Het verschil met een sharing is dat daarin de persoonlijke betrokkenheid met het onderwerp waar de protagonist aan werkte gedeeld kan worden en -soms daarmee de protagonist helpend- eigen inzichten gedeeld worden.

In een processing nemen we afstand van het onderwerp en kijken we naar de methode. Wat de leider heeft gedaan en waarom? Wat bracht beweging en opening en wat stopte het proces?
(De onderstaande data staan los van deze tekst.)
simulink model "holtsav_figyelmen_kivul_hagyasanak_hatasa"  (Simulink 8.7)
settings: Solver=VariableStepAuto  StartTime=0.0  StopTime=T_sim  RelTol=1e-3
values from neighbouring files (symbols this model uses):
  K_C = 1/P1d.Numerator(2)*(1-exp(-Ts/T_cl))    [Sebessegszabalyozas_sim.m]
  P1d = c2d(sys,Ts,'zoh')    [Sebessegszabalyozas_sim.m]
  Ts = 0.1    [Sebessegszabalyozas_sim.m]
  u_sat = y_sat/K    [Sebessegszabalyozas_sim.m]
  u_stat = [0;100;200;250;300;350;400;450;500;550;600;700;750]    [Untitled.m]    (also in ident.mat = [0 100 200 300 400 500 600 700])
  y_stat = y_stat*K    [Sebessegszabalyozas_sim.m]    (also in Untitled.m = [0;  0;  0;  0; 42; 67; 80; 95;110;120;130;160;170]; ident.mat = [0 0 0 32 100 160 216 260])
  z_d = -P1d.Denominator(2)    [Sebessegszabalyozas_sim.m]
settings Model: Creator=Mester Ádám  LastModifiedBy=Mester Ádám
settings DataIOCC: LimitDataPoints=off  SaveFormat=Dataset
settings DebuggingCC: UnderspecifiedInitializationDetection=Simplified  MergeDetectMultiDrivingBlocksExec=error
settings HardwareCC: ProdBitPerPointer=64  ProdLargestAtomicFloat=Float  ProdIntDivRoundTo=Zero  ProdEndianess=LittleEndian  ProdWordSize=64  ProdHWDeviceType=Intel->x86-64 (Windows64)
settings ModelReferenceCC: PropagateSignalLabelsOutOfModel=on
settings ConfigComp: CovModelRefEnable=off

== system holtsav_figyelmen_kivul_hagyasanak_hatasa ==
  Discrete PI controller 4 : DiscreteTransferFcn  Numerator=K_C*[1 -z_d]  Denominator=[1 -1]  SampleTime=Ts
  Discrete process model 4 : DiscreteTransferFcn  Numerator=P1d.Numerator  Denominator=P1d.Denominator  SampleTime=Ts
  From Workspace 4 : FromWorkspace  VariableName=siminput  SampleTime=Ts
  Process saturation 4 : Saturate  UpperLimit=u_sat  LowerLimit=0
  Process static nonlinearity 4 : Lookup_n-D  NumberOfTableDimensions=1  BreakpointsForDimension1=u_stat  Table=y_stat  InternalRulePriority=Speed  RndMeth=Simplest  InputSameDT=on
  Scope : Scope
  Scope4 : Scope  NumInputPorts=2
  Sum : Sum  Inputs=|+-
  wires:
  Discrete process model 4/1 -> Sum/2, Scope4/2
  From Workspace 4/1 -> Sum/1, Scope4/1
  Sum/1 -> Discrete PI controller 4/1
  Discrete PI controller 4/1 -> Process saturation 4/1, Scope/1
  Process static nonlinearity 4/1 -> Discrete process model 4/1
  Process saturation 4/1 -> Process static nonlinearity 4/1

Er zijn vier verschillede invalshoeken waarop je naar een psychodrama kan kijken:
naar de vormgeving ( hoe en wat werd de vraag van de protagonist vorm gegeven?);
naar de persoonlijke begeleiding (wat had therapeutische waarde voor de protagonist en hoe begeleidde de leider dat);
naar het groepsproces (hoe was iedereen betrokken wat deed de leider om de betrokkenheid te vergroten en het psychodrama te laten dragen door de groep;
naar de persoonlijke scherpte, wijsheid en ervaring van de director: het vermogen om verantwoording af te leggen uit te leggen voor alle acties die plaatsvonden;
De analyse kan moeilijk en complex zijn omdat het enorm veel aspecten en details betreft. Als richtlijnen gelden: adequate observaties, identificatie, een juiste timing, interventies en verificatie van deze interventies.
Ook geldt de juiste inzet en echtheid van empathie en het op de juiste wijze inschatten en begrijpen van persoonlijke of interpersoonlijke fenomenen.